## WHAT IS NEEDED
In the entries below, find the line with "#84=ORIENTED_EDGE('',*,*,#83,.T.);" and the line with "#92=ORIENTED_EDGE('',*,*,#91,.T.);". Return those two lines and all lines between them, exactly.

[RECORDS FOR THE TASK Boundary: Start]

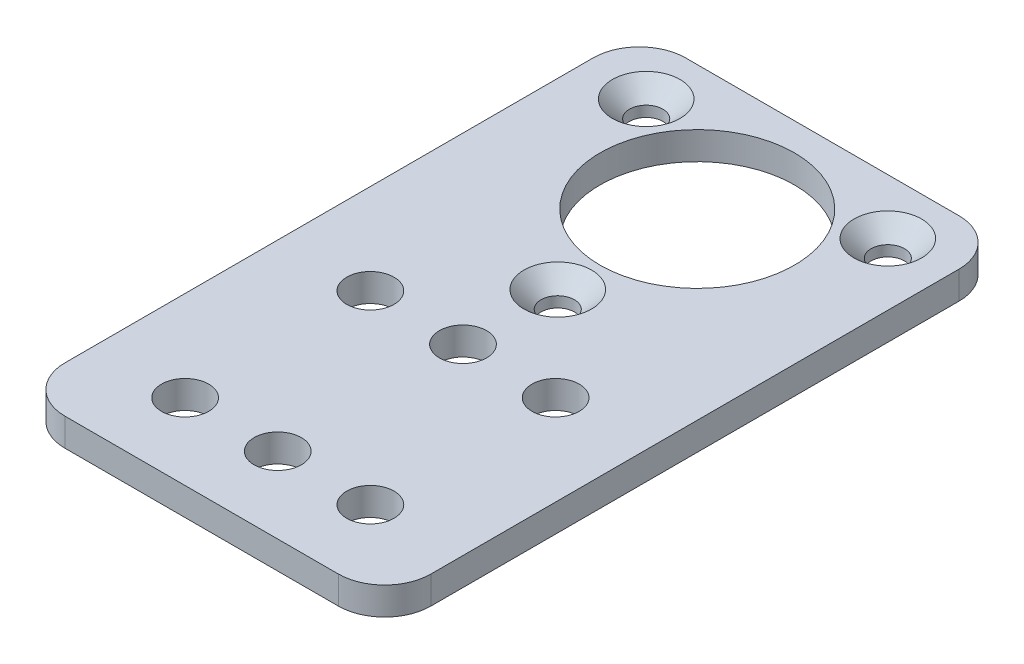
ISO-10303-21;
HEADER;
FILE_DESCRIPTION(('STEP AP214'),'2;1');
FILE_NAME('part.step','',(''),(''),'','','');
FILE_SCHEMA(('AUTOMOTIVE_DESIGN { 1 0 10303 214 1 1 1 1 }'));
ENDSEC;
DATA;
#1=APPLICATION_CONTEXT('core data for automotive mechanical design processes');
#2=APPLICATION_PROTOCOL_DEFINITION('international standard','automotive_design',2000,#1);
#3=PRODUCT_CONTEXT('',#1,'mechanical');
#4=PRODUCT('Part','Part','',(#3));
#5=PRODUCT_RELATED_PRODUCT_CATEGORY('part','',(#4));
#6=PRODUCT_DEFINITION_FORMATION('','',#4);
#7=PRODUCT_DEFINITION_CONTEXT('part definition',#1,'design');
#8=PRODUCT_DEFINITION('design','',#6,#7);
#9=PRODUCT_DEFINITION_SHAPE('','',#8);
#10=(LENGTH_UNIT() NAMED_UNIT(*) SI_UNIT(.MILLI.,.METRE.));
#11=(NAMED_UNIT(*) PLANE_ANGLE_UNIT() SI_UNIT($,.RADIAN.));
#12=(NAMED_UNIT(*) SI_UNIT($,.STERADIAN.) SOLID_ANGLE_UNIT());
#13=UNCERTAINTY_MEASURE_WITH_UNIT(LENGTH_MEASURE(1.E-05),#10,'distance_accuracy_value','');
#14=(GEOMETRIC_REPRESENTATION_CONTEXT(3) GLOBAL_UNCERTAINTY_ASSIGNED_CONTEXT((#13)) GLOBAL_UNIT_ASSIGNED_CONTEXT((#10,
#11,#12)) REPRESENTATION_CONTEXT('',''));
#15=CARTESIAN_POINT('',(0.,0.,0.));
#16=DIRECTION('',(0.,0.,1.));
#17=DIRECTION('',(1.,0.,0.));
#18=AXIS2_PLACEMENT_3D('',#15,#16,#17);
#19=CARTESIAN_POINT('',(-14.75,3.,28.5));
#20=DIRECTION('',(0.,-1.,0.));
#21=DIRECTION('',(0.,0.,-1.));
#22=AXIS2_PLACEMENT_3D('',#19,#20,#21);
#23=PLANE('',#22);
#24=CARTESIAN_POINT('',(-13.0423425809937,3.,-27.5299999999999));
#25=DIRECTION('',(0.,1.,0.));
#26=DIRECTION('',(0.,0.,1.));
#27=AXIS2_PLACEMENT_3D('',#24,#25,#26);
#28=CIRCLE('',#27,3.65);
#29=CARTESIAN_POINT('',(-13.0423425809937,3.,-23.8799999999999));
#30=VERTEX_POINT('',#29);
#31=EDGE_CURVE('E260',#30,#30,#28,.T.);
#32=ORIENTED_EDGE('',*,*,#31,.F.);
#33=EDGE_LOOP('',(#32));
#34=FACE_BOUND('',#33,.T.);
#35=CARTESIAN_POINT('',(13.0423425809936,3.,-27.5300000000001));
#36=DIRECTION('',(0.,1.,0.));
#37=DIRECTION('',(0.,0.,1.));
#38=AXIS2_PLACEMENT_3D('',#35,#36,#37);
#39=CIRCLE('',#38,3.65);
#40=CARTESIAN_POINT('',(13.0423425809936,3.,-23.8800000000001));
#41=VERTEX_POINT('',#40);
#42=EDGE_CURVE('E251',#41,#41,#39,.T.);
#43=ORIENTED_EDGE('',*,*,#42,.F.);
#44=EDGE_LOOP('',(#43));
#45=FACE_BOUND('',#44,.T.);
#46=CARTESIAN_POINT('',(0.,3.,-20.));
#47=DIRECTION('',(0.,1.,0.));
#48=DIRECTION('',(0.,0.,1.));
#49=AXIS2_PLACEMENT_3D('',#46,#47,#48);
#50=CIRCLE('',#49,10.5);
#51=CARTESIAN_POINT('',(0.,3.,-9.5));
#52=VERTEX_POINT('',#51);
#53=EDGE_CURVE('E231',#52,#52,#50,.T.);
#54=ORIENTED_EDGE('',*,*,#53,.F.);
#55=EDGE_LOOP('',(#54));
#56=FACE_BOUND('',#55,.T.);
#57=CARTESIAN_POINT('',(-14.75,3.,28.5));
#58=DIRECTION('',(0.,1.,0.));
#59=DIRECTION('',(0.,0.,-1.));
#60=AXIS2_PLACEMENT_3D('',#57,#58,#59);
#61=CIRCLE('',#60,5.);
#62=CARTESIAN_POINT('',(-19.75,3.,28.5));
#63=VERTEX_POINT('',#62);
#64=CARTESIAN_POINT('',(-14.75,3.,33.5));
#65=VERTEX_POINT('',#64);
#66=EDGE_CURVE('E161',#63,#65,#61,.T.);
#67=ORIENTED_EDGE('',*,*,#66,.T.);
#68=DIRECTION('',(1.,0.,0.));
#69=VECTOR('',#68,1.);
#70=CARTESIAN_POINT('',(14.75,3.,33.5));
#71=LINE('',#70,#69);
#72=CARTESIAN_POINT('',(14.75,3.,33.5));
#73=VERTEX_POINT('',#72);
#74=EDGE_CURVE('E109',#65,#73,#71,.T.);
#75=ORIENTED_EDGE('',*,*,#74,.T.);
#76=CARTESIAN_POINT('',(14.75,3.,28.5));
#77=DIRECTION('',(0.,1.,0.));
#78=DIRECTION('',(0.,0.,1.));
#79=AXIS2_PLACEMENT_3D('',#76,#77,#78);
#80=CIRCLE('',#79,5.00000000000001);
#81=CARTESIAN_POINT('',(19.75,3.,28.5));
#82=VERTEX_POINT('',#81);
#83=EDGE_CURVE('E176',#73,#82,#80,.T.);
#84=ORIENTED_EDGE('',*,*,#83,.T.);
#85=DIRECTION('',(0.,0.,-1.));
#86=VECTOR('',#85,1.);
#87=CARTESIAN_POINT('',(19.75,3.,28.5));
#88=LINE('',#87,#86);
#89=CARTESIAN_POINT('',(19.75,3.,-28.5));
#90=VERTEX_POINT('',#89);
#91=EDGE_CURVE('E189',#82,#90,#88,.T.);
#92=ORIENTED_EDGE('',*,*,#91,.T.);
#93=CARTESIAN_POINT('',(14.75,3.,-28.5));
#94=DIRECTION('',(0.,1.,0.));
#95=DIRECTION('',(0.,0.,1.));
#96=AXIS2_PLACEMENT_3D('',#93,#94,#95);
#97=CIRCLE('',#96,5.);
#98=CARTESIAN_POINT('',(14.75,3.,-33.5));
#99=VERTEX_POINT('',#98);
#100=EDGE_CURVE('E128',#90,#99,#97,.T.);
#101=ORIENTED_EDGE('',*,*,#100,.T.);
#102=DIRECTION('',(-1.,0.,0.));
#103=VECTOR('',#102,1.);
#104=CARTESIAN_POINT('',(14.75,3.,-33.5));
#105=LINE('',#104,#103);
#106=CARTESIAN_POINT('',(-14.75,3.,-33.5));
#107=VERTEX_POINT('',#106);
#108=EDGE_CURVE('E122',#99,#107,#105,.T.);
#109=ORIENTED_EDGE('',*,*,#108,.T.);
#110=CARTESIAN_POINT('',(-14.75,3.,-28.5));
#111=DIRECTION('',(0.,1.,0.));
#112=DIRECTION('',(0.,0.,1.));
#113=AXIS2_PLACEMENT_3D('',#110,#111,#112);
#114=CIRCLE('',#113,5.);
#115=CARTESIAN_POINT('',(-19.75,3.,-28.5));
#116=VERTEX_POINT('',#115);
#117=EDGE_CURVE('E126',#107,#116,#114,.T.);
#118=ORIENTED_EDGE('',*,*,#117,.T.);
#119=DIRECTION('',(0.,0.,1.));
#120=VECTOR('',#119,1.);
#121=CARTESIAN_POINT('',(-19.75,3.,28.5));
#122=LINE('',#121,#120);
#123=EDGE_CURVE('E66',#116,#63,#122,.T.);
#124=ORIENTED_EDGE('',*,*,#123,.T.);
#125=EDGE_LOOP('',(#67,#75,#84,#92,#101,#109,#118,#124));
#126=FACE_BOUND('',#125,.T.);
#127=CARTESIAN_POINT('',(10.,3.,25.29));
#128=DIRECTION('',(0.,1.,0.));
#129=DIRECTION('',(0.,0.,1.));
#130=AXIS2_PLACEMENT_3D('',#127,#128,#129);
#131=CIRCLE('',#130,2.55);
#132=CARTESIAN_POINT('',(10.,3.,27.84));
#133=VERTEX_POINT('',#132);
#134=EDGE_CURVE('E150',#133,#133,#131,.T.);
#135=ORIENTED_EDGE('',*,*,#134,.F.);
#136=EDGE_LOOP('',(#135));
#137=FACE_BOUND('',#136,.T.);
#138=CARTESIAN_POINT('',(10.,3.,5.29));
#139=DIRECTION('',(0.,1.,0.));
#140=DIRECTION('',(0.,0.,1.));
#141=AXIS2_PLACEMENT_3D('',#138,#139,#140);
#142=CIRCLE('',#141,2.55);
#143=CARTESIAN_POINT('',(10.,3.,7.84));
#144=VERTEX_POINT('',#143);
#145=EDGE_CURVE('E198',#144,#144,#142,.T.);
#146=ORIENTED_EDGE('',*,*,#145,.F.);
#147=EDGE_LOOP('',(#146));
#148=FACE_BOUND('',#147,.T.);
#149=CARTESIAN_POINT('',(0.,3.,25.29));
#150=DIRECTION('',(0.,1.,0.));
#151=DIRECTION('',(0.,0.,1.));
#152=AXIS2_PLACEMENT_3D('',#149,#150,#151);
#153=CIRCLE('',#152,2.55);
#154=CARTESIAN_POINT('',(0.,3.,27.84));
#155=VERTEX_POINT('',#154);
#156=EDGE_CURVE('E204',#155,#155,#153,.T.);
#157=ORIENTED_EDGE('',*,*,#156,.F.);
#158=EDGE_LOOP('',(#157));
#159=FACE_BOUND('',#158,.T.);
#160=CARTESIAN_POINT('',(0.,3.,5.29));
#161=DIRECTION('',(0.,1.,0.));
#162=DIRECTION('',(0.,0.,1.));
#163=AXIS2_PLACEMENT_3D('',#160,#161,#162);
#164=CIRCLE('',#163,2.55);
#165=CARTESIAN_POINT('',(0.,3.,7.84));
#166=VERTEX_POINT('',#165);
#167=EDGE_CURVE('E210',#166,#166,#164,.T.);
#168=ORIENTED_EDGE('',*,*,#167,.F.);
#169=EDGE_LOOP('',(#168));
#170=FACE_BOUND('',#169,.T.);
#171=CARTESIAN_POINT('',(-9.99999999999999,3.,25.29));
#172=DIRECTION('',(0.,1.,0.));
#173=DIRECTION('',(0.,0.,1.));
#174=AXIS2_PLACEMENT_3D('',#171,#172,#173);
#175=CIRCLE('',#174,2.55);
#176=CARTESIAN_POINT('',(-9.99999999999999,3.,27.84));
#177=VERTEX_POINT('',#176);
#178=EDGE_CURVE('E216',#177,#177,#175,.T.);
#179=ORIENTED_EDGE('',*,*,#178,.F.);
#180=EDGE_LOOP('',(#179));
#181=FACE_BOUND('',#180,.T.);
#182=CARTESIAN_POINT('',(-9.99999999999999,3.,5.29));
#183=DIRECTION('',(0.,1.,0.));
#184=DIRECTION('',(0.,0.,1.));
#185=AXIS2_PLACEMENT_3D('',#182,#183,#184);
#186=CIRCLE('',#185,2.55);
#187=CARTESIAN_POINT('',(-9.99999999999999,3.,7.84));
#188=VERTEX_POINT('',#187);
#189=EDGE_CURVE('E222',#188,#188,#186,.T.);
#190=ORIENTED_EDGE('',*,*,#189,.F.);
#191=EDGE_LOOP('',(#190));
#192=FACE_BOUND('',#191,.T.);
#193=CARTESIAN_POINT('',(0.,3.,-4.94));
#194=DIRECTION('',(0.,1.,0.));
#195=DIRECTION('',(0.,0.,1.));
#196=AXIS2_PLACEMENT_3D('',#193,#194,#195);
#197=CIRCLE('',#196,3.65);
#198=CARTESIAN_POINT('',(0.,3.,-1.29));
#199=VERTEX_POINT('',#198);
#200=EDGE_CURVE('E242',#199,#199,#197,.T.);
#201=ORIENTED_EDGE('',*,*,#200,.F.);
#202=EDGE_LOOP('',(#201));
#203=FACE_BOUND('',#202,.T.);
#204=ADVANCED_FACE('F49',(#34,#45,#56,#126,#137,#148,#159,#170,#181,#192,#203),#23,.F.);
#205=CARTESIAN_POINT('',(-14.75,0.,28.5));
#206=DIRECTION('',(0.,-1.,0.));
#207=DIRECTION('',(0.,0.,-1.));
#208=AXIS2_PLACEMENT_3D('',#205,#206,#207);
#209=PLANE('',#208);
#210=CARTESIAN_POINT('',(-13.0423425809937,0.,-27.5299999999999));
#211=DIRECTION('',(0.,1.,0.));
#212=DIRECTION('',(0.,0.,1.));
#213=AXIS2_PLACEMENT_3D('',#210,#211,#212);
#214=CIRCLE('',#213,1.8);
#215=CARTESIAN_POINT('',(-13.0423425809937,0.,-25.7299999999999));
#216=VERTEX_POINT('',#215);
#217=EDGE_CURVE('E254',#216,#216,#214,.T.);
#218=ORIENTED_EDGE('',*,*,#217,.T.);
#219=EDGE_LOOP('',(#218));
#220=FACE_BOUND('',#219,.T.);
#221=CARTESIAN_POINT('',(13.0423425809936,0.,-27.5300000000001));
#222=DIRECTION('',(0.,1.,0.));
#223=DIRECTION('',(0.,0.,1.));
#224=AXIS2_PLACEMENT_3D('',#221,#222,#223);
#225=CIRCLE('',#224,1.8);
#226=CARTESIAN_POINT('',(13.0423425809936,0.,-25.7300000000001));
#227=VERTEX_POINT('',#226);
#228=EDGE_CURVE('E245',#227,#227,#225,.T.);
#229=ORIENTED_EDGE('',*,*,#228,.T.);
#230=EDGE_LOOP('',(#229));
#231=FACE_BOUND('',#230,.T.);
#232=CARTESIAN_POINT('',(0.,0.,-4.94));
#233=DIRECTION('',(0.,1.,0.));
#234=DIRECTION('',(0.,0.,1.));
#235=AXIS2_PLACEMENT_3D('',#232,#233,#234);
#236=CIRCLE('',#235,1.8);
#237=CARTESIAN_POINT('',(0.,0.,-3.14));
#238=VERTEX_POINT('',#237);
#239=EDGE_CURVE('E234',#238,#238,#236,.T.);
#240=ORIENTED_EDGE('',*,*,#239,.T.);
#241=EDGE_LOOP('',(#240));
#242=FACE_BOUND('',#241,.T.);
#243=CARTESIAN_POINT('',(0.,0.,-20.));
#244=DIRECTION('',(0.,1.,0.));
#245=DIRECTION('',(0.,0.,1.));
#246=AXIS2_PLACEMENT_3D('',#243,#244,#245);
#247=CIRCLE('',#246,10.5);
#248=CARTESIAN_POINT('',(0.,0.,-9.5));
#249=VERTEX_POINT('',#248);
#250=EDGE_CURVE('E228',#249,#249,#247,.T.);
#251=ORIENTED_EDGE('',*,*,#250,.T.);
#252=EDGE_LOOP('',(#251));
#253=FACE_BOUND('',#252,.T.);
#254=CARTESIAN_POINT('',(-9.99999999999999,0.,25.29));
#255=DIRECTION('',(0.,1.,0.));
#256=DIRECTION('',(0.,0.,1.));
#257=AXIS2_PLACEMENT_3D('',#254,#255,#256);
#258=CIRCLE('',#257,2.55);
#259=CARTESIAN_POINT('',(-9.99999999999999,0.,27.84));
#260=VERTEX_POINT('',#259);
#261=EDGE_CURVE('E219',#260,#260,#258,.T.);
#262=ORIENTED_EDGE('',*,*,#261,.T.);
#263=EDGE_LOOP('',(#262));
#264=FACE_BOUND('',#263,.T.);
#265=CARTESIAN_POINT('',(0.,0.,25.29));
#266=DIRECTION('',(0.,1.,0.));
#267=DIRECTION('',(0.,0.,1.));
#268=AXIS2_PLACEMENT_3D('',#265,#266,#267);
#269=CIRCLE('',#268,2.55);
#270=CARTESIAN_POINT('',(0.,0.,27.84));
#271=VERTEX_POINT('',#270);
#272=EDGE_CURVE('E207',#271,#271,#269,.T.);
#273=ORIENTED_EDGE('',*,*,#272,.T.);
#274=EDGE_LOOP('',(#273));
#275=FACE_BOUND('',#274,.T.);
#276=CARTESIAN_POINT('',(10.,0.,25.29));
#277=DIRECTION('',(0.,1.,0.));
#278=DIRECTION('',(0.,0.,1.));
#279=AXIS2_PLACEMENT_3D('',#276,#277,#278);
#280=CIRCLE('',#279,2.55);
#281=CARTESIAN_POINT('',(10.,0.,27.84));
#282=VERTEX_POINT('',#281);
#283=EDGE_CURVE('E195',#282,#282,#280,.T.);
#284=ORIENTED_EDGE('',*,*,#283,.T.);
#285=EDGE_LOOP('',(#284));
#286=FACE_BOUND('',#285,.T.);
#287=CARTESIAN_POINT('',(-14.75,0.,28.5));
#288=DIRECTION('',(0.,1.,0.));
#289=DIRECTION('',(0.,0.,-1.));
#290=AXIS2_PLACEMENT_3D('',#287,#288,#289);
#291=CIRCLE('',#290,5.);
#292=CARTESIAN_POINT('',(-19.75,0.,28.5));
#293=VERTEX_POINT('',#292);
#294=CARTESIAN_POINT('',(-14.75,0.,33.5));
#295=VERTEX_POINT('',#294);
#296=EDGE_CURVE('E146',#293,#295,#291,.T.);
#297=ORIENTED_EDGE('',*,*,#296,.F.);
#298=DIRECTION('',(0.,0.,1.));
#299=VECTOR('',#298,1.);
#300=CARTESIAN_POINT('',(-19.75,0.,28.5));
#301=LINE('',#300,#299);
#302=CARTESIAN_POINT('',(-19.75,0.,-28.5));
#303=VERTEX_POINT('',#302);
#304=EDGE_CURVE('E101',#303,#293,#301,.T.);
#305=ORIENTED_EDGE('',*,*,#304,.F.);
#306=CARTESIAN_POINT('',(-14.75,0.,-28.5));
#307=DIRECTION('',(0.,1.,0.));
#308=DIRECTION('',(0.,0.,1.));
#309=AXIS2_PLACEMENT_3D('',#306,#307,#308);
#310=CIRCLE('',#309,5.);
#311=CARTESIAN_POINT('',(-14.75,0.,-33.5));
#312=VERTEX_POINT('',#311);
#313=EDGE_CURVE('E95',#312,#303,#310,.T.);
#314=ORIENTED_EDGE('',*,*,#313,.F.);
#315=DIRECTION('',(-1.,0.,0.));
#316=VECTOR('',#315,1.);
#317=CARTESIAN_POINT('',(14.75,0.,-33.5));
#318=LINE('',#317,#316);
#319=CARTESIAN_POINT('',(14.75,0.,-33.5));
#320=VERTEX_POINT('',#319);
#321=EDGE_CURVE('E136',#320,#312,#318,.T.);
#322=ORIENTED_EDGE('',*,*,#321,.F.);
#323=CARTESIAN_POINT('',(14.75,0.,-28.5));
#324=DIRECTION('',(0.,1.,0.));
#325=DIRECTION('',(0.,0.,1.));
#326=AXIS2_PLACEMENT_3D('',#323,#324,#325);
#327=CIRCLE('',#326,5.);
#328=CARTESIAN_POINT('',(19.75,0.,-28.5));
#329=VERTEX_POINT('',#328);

[RECORDS FOR THE TASK Boundary: End]

## ANSWER TO THIS TASK
#84=ORIENTED_EDGE('',*,*,#83,.T.);
#85=DIRECTION('',(0.,0.,-1.));
#86=VECTOR('',#85,1.);
#87=CARTESIAN_POINT('',(19.75,3.,28.5));
#88=LINE('',#87,#86);
#89=CARTESIAN_POINT('',(19.75,3.,-28.5));
#90=VERTEX_POINT('',#89);
#91=EDGE_CURVE('E189',#82,#90,#88,.T.);
#92=ORIENTED_EDGE('',*,*,#91,.T.);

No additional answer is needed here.